Where in the data below does the word "circle" appear? Copy each line that holds it.

◆ PROVIDED RECORDS
━━━━━━━━

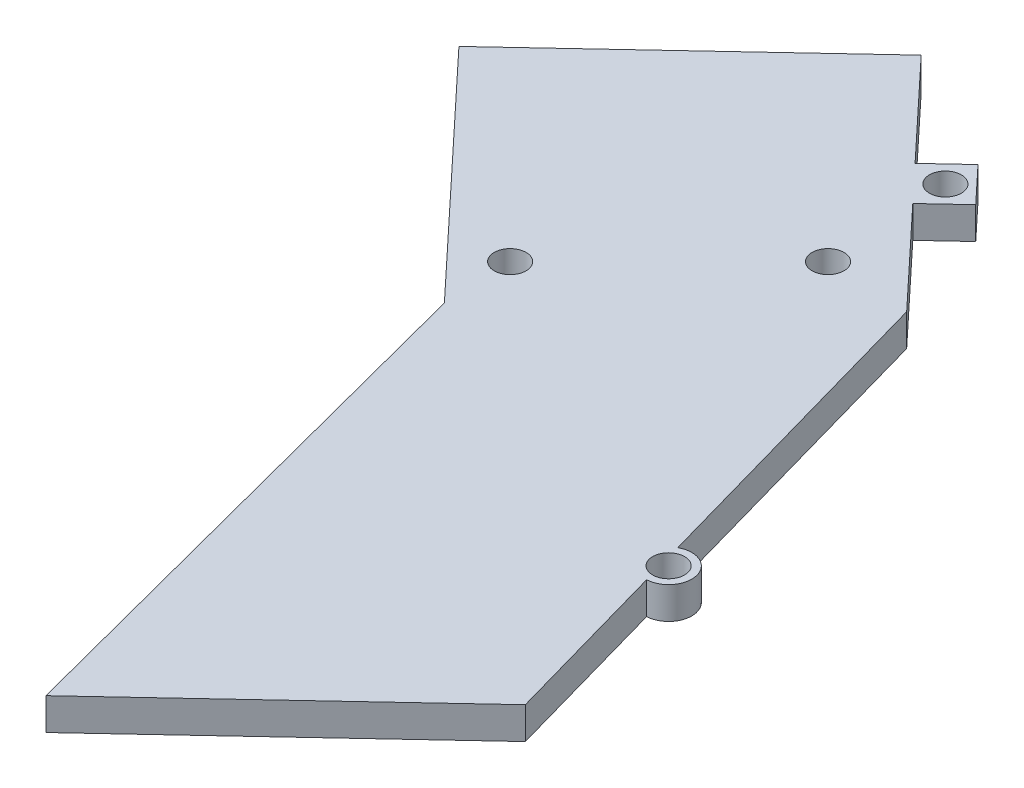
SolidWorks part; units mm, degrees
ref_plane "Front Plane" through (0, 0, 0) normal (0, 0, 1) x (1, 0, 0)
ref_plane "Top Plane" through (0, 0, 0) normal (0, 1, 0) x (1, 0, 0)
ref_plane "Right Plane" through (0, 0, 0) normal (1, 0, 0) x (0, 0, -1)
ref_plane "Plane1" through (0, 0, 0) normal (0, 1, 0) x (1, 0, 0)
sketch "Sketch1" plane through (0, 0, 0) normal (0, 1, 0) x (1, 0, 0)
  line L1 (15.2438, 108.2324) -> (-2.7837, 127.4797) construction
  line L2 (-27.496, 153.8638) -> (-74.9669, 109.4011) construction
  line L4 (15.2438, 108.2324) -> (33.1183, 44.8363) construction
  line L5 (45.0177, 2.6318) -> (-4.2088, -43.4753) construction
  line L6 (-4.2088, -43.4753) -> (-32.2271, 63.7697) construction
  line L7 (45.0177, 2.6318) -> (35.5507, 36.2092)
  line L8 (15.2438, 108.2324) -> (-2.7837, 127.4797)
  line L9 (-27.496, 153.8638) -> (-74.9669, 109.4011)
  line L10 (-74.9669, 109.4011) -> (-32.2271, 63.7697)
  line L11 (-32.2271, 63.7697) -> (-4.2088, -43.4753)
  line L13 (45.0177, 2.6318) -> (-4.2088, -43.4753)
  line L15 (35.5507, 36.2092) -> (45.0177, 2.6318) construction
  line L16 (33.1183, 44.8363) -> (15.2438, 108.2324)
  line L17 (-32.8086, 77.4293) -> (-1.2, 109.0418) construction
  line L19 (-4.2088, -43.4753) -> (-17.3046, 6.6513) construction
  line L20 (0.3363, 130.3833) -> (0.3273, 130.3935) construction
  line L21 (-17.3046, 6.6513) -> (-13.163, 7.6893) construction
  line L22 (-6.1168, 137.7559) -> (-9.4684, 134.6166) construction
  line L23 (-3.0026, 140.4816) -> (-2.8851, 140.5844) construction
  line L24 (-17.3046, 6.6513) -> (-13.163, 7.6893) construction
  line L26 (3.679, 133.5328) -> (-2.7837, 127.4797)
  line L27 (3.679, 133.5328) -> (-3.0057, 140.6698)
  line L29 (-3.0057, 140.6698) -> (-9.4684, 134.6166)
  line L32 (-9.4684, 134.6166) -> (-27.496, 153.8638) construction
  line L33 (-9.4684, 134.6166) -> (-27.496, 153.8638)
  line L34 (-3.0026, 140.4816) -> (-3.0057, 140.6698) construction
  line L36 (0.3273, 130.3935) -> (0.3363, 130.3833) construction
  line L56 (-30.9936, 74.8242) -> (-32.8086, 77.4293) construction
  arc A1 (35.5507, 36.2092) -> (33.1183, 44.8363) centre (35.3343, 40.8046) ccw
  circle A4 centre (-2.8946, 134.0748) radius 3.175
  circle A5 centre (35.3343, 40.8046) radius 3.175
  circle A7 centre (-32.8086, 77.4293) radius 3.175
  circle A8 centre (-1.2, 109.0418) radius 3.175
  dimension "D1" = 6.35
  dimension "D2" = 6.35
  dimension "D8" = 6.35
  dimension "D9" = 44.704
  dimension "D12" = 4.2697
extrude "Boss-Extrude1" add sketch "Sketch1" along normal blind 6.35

━━━━━━━━

◆ FINAL ANSWER
  circle A4 centre (-2.8946, 134.0748) radius 3.175
  circle A5 centre (35.3343, 40.8046) radius 3.175
  circle A7 centre (-32.8086, 77.4293) radius 3.175
  circle A8 centre (-1.2, 109.0418) radius 3.175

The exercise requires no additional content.